If you haven't read Hunter S. Thompson's essay "The Kentucky Derby is Decadent and Depraved," here is a link.
Beyond drink and lack of sleep, our only real problem at that point was the question of access to the clubhouse. Finally we decided to go ahead and steal two passes, if necessary, rather than miss that part of the action. This was the last coherent decision we were able to make for the next forty-eight hours. From that point on -- almost from the very moment we started out to the track -- we lost all control of events and spent the rest of the weekend churning around in a sea of drunken horrors. My notes and recollections from Derby Day are somewhat scrambled. - Hunter S. Thompson
I've been to the infield three times. The last time I went it was $40 to get in, although I hear the price has gone up, which gets you everywhere in the track except the grandstands. You can hang out at the paddock all day, or you can drink all day and get muddy in the infield. The last time I went, I showed up right at 6:00 -- about eight minutes to post -- and the gatekeeper let me in for free. I promised to buy him an ice cream, which I did.

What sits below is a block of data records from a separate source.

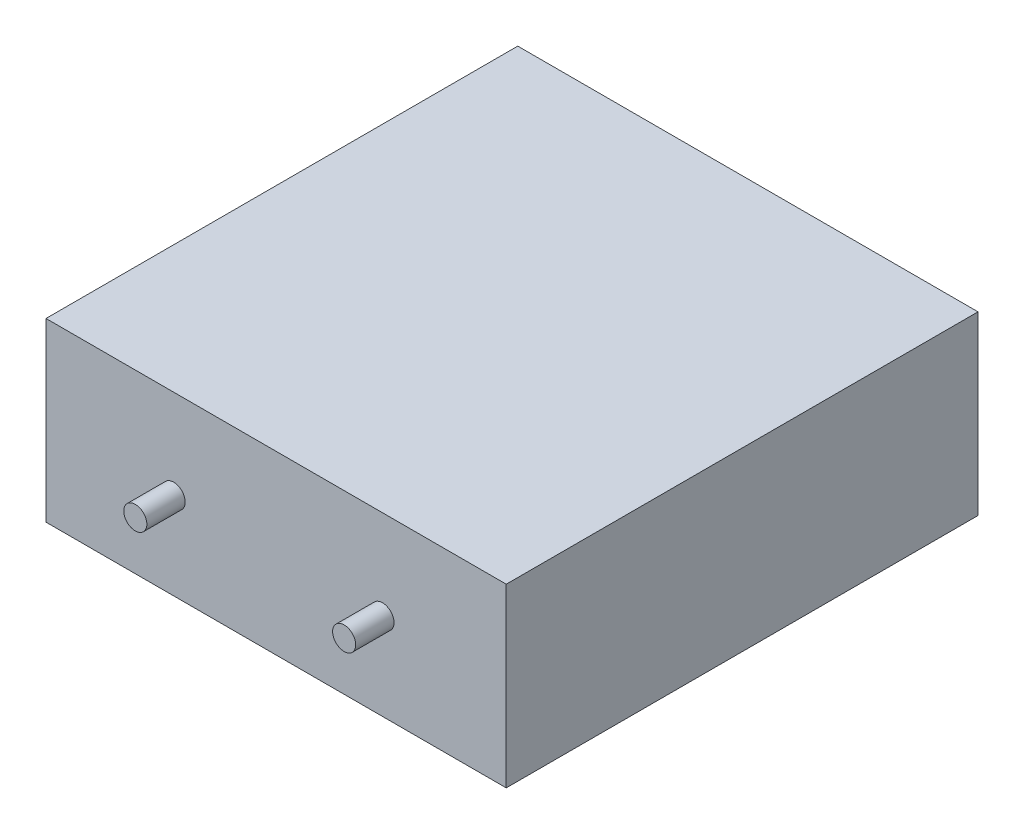
ISO-10303-21;
HEADER;
FILE_DESCRIPTION(('STEP AP214'),'2;1');
FILE_NAME('part.step','',(''),(''),'','','');
FILE_SCHEMA(('AUTOMOTIVE_DESIGN { 1 0 10303 214 1 1 1 1 }'));
ENDSEC;
DATA;
#1=APPLICATION_CONTEXT('core data for automotive mechanical design processes');
#2=APPLICATION_PROTOCOL_DEFINITION('international standard','automotive_design',2000,#1);
#3=PRODUCT_CONTEXT('',#1,'mechanical');
#4=PRODUCT('Part','Part','',(#3));
#5=PRODUCT_RELATED_PRODUCT_CATEGORY('part','',(#4));
#6=PRODUCT_DEFINITION_FORMATION('','',#4);
#7=PRODUCT_DEFINITION_CONTEXT('part definition',#1,'design');
#8=PRODUCT_DEFINITION('design','',#6,#7);
#9=PRODUCT_DEFINITION_SHAPE('','',#8);
#10=(LENGTH_UNIT() NAMED_UNIT(*) SI_UNIT(.MILLI.,.METRE.));
#11=(NAMED_UNIT(*) PLANE_ANGLE_UNIT() SI_UNIT($,.RADIAN.));
#12=(NAMED_UNIT(*) SI_UNIT($,.STERADIAN.) SOLID_ANGLE_UNIT());
#13=UNCERTAINTY_MEASURE_WITH_UNIT(LENGTH_MEASURE(1.E-05),#10,'distance_accuracy_value','');
#14=(GEOMETRIC_REPRESENTATION_CONTEXT(3) GLOBAL_UNCERTAINTY_ASSIGNED_CONTEXT((#13)) GLOBAL_UNIT_ASSIGNED_CONTEXT((#10,
#11,#12)) REPRESENTATION_CONTEXT('',''));
#15=CARTESIAN_POINT('',(0.,0.,0.));
#16=DIRECTION('',(0.,0.,1.));
#17=DIRECTION('',(1.,0.,0.));
#18=AXIS2_PLACEMENT_3D('',#15,#16,#17);
#19=CARTESIAN_POINT('',(-60.,46.,61.5));
#20=DIRECTION('',(1.,0.,0.));
#21=DIRECTION('',(0.,0.,-1.));
#22=AXIS2_PLACEMENT_3D('',#19,#20,#21);
#23=PLANE('',#22);
#24=DIRECTION('',(0.,0.,1.));
#25=VECTOR('',#24,1.);
#26=CARTESIAN_POINT('',(-60.,0.,61.5));
#27=LINE('',#26,#25);
#28=CARTESIAN_POINT('',(-60.,0.,-61.5));
#29=VERTEX_POINT('',#28);
#30=CARTESIAN_POINT('',(-60.,0.,61.5));
#31=VERTEX_POINT('',#30);
#32=EDGE_CURVE('E108',#29,#31,#27,.T.);
#33=ORIENTED_EDGE('',*,*,#32,.T.);
#34=DIRECTION('',(0.,-1.,0.));
#35=VECTOR('',#34,1.);
#36=CARTESIAN_POINT('',(-60.,46.,61.5));
#37=LINE('',#36,#35);
#38=CARTESIAN_POINT('',(-60.,46.,61.5));
#39=VERTEX_POINT('',#38);
#40=EDGE_CURVE('E99',#39,#31,#37,.T.);
#41=ORIENTED_EDGE('',*,*,#40,.F.);
#42=DIRECTION('',(0.,0.,1.));
#43=VECTOR('',#42,1.);
#44=CARTESIAN_POINT('',(-60.,46.,61.5));
#45=LINE('',#44,#43);
#46=CARTESIAN_POINT('',(-60.,46.,-61.5));
#47=VERTEX_POINT('',#46);
#48=EDGE_CURVE('E93',#47,#39,#45,.T.);
#49=ORIENTED_EDGE('',*,*,#48,.F.);
#50=DIRECTION('',(0.,-1.,0.));
#51=VECTOR('',#50,1.);
#52=CARTESIAN_POINT('',(-60.,46.,-61.5));
#53=LINE('',#52,#51);
#54=EDGE_CURVE('E104',#47,#29,#53,.T.);
#55=ORIENTED_EDGE('',*,*,#54,.T.);
#56=EDGE_LOOP('',(#33,#41,#49,#55));
#57=FACE_BOUND('',#56,.T.);
#58=ADVANCED_FACE('F41',(#57),#23,.F.);
#59=CARTESIAN_POINT('',(60.,46.,61.5));
#60=DIRECTION('',(0.,0.,-1.));
#61=DIRECTION('',(-1.,0.,0.));
#62=AXIS2_PLACEMENT_3D('',#59,#60,#61);
#63=PLANE('',#62);
#64=CARTESIAN_POINT('',(-26.7170270707589,22.6697895530585,61.5));
#65=DIRECTION('',(0.,0.,-1.));
#66=DIRECTION('',(-1.,0.,0.));
#67=AXIS2_PLACEMENT_3D('',#64,#65,#66);
#68=CIRCLE('',#67,3.00731174332971);
#69=CARTESIAN_POINT('',(-29.7243388140886,22.6697895530585,61.5));
#70=VERTEX_POINT('',#69);
#71=EDGE_CURVE('E11',#70,#70,#68,.F.);
#72=ORIENTED_EDGE('',*,*,#71,.F.);
#73=EDGE_LOOP('',(#72));
#74=FACE_BOUND('',#73,.T.);
#75=CARTESIAN_POINT('',(27.737677543125,22.6697895530585,61.5));
#76=DIRECTION('',(0.,0.,-1.));
#77=DIRECTION('',(-1.,0.,0.));
#78=AXIS2_PLACEMENT_3D('',#75,#76,#77);
#79=CIRCLE('',#78,3.00731174332971);
#80=CARTESIAN_POINT('',(24.7303657997953,22.6697895530585,61.5));
#81=VERTEX_POINT('',#80);
#82=EDGE_CURVE('E49',#81,#81,#79,.F.);
#83=ORIENTED_EDGE('',*,*,#82,.F.);
#84=EDGE_LOOP('',(#83));
#85=FACE_BOUND('',#84,.T.);
#86=DIRECTION('',(1.,0.,0.));
#87=VECTOR('',#86,1.);
#88=CARTESIAN_POINT('',(60.,0.,61.5));
#89=LINE('',#88,#87);
#90=CARTESIAN_POINT('',(60.,0.,61.5));
#91=VERTEX_POINT('',#90);
#92=EDGE_CURVE('E98',#31,#91,#89,.T.);
#93=ORIENTED_EDGE('',*,*,#92,.T.);
#94=DIRECTION('',(0.,-1.,0.));
#95=VECTOR('',#94,1.);
#96=CARTESIAN_POINT('',(60.,46.,61.5));
#97=LINE('',#96,#95);
#98=CARTESIAN_POINT('',(60.,46.,61.5));
#99=VERTEX_POINT('',#98);
#100=EDGE_CURVE('E96',#99,#91,#97,.T.);
#101=ORIENTED_EDGE('',*,*,#100,.F.);
#102=DIRECTION('',(1.,0.,0.));
#103=VECTOR('',#102,1.);
#104=CARTESIAN_POINT('',(60.,46.,61.5));
#105=LINE('',#104,#103);
#106=EDGE_CURVE('E88',#39,#99,#105,.T.);
#107=ORIENTED_EDGE('',*,*,#106,.F.);
#108=ORIENTED_EDGE('',*,*,#40,.T.);
#109=EDGE_LOOP('',(#93,#101,#107,#108));
#110=FACE_BOUND('',#109,.T.);
#111=ADVANCED_FACE('F97',(#74,#85,#110),#63,.F.);
#112=CARTESIAN_POINT('',(60.,46.,61.5));
#113=DIRECTION('',(-1.,0.,0.));
#114=DIRECTION('',(0.,0.,1.));
#115=AXIS2_PLACEMENT_3D('',#112,#113,#114);
#116=PLANE('',#115);
#117=DIRECTION('',(0.,0.,-1.));
#118=VECTOR('',#117,1.);
#119=CARTESIAN_POINT('',(60.,0.,61.5));
#120=LINE('',#119,#118);
#121=CARTESIAN_POINT('',(60.,0.,-61.5));
#122=VERTEX_POINT('',#121);
#123=EDGE_CURVE('E74',#91,#122,#120,.T.);
#124=ORIENTED_EDGE('',*,*,#123,.T.);
#125=DIRECTION('',(0.,-1.,0.));
#126=VECTOR('',#125,1.);
#127=CARTESIAN_POINT('',(60.,46.,-61.5));
#128=LINE('',#127,#126);
#129=CARTESIAN_POINT('',(60.,46.,-61.5));
#130=VERTEX_POINT('',#129);
#131=EDGE_CURVE('E100',#130,#122,#128,.T.);
#132=ORIENTED_EDGE('',*,*,#131,.F.);
#133=DIRECTION('',(0.,0.,-1.));
#134=VECTOR('',#133,1.);
#135=CARTESIAN_POINT('',(60.,46.,61.5));
#136=LINE('',#135,#134);
#137=EDGE_CURVE('E91',#99,#130,#136,.T.);
#138=ORIENTED_EDGE('',*,*,#137,.F.);
#139=ORIENTED_EDGE('',*,*,#100,.T.);
#140=EDGE_LOOP('',(#124,#132,#138,#139));
#141=FACE_BOUND('',#140,.T.);
#142=ADVANCED_FACE('F102',(#141),#116,.F.);
#143=CARTESIAN_POINT('',(60.,46.,-61.5));
#144=DIRECTION('',(0.,0.,1.));
#145=DIRECTION('',(1.,0.,0.));
#146=AXIS2_PLACEMENT_3D('',#143,#144,#145);
#147=PLANE('',#146);
#148=DIRECTION('',(-1.,0.,0.));
#149=VECTOR('',#148,1.);
#150=CARTESIAN_POINT('',(60.,0.,-61.5));
#151=LINE('',#150,#149);
#152=EDGE_CURVE('E80',#122,#29,#151,.T.);
#153=ORIENTED_EDGE('',*,*,#152,.T.);
#154=ORIENTED_EDGE('',*,*,#54,.F.);
#155=DIRECTION('',(-1.,0.,0.));
#156=VECTOR('',#155,1.);
#157=CARTESIAN_POINT('',(60.,46.,-61.5));
#158=LINE('',#157,#156);
#159=EDGE_CURVE('E57',#130,#47,#158,.T.);
#160=ORIENTED_EDGE('',*,*,#159,.F.);
#161=ORIENTED_EDGE('',*,*,#131,.T.);
#162=EDGE_LOOP('',(#153,#154,#160,#161));
#163=FACE_BOUND('',#162,.T.);
#164=ADVANCED_FACE('F129',(#163),#147,.F.);
#165=CARTESIAN_POINT('',(0.,46.,0.));
#166=DIRECTION('',(0.,1.,0.));
#167=DIRECTION('',(0.,0.,1.));
#168=AXIS2_PLACEMENT_3D('',#165,#166,#167);
#169=PLANE('',#168);
#170=ORIENTED_EDGE('',*,*,#48,.T.);
#171=ORIENTED_EDGE('',*,*,#106,.T.);
#172=ORIENTED_EDGE('',*,*,#137,.T.);
#173=ORIENTED_EDGE('',*,*,#159,.T.);
#174=EDGE_LOOP('',(#170,#171,#172,#173));
#175=FACE_BOUND('',#174,.T.);
#176=ADVANCED_FACE('F89',(#175),#169,.T.);
#177=CARTESIAN_POINT('',(0.,0.,0.));
#178=DIRECTION('',(0.,1.,0.));
#179=DIRECTION('',(0.,0.,1.));
#180=AXIS2_PLACEMENT_3D('',#177,#178,#179);
#181=PLANE('',#180);
#182=ORIENTED_EDGE('',*,*,#32,.F.);
#183=ORIENTED_EDGE('',*,*,#152,.F.);
#184=ORIENTED_EDGE('',*,*,#123,.F.);
#185=ORIENTED_EDGE('',*,*,#92,.F.);
#186=EDGE_LOOP('',(#182,#183,#184,#185));
#187=FACE_BOUND('',#186,.T.);
#188=ADVANCED_FACE('F137',(#187),#181,.F.);
#189=CARTESIAN_POINT('',(27.737677543125,22.6697895530585,71.5));
#190=DIRECTION('',(0.,0.,-1.));
#191=DIRECTION('',(-1.,0.,0.));
#192=AXIS2_PLACEMENT_3D('',#189,#190,#191);
#193=CYLINDRICAL_SURFACE('',#192,3.00731174332971);
#194=CARTESIAN_POINT('',(27.737677543125,22.6697895530585,71.5));
#195=DIRECTION('',(0.,0.,1.));
#196=DIRECTION('',(1.,0.,0.));
#197=AXIS2_PLACEMENT_3D('',#194,#195,#196);
#198=CIRCLE('',#197,3.00731174332971);
#199=CARTESIAN_POINT('',(30.7449892864547,22.6697895530585,71.5));
#200=VERTEX_POINT('',#199);
#201=EDGE_CURVE('E159',#200,#200,#198,.T.);
#202=ORIENTED_EDGE('',*,*,#201,.F.);
#203=EDGE_LOOP('',(#202));
#204=FACE_BOUND('',#203,.T.);
#205=ORIENTED_EDGE('',*,*,#82,.T.);
#206=EDGE_LOOP('',(#205));
#207=FACE_BOUND('',#206,.T.);
#208=ADVANCED_FACE('F120',(#204,#207),#193,.T.);
#209=CARTESIAN_POINT('',(27.737677543125,22.6697895530585,71.5));
#210=DIRECTION('',(0.,0.,1.));
#211=DIRECTION('',(1.,0.,0.));
#212=AXIS2_PLACEMENT_3D('',#209,#210,#211);
#213=PLANE('',#212);
#214=ORIENTED_EDGE('',*,*,#201,.T.);
#215=EDGE_LOOP('',(#214));
#216=FACE_BOUND('',#215,.T.);
#217=ADVANCED_FACE('F142',(#216),#213,.T.);
#218=CARTESIAN_POINT('',(-26.7170270707589,22.6697895530585,71.5));
#219=DIRECTION('',(0.,0.,-1.));
#220=DIRECTION('',(-1.,0.,0.));
#221=AXIS2_PLACEMENT_3D('',#218,#219,#220);
#222=CYLINDRICAL_SURFACE('',#221,3.00731174332971);
#223=CARTESIAN_POINT('',(-26.7170270707589,22.6697895530585,71.5));
#224=DIRECTION('',(0.,0.,1.));
#225=DIRECTION('',(1.,0.,0.));
#226=AXIS2_PLACEMENT_3D('',#223,#224,#225);
#227=CIRCLE('',#226,3.00731174332971);
#228=CARTESIAN_POINT('',(-23.7097153274292,22.6697895530585,71.5));
#229=VERTEX_POINT('',#228);
#230=EDGE_CURVE('E111',#229,#229,#227,.T.);
#231=ORIENTED_EDGE('',*,*,#230,.F.);
#232=EDGE_LOOP('',(#231));
#233=FACE_BOUND('',#232,.T.);
#234=ORIENTED_EDGE('',*,*,#71,.T.);
#235=EDGE_LOOP('',(#234));
#236=FACE_BOUND('',#235,.T.);
#237=ADVANCED_FACE('F145',(#233,#236),#222,.T.);
#238=CARTESIAN_POINT('',(-26.7170270707589,22.6697895530585,71.5));
#239=DIRECTION('',(0.,0.,1.));
#240=DIRECTION('',(1.,0.,0.));
#241=AXIS2_PLACEMENT_3D('',#238,#239,#240);
#242=PLANE('',#241);
#243=ORIENTED_EDGE('',*,*,#230,.T.);
#244=EDGE_LOOP('',(#243));
#245=FACE_BOUND('',#244,.T.);
#246=ADVANCED_FACE('F151',(#245),#242,.T.);
#247=CLOSED_SHELL('',(#58,#111,#142,#164,#176,#188,#208,#217,#237,#246));
#248=MANIFOLD_SOLID_BREP('B2',#247);
#249=ADVANCED_BREP_SHAPE_REPRESENTATION('',(#18,#248),#14);
#250=SHAPE_DEFINITION_REPRESENTATION(#9,#249);
ENDSEC;
END-ISO-10303-21;

I prefer Derby parties to going to the track, and I always said the only way I'd go to the track again was if I had a ticket to Millionaire's Row.
Yes, I'm aware that I lead a charmed life, and the only response I have to that is that I promise you I never take it for granted.
Thursday afternoon, Peter Searcy called me with an extra ticket to Millionaire's Row for Kentucky Derby Day.
It's pretty much impossible to get a ticket to the grandstands (and definitely not the most exclusive part of the grandstands) on Derby Day because they are legacy seats, sold-out for generations, and only available to those willing to pay thousands and thousands of dollars. You can buy bad seats on eBay sometimes for a few hundred bucks, but the hassle of crowds and parking and rain isn't worth it. Millionaire's Row is aptly named and no doubt the best way to see the Kentucky Derby.
Layla, Peter's wife, was decked out in a short silver dress and a wide-brimmed aquamarine hat with a huge organdy ribbon. Kristy wore a tight black dress with a diamond brooch (I finally know what brooches are for), patent leather heels, and the widest black hat the with biggest silk red rose I've ever seen. They looked like the image of the Derby. Kristy belonged on the cover of a Derby coffee-table book, and Layla looked like a supermodel.
I wore a red and white cotton dress and sparkly red ruby slippers. Rather than don a wide hat (I wear wide-brimmed hats every day ever since I had a pre-cancerous mole removed.), I wore red and black feathers in my wild curls.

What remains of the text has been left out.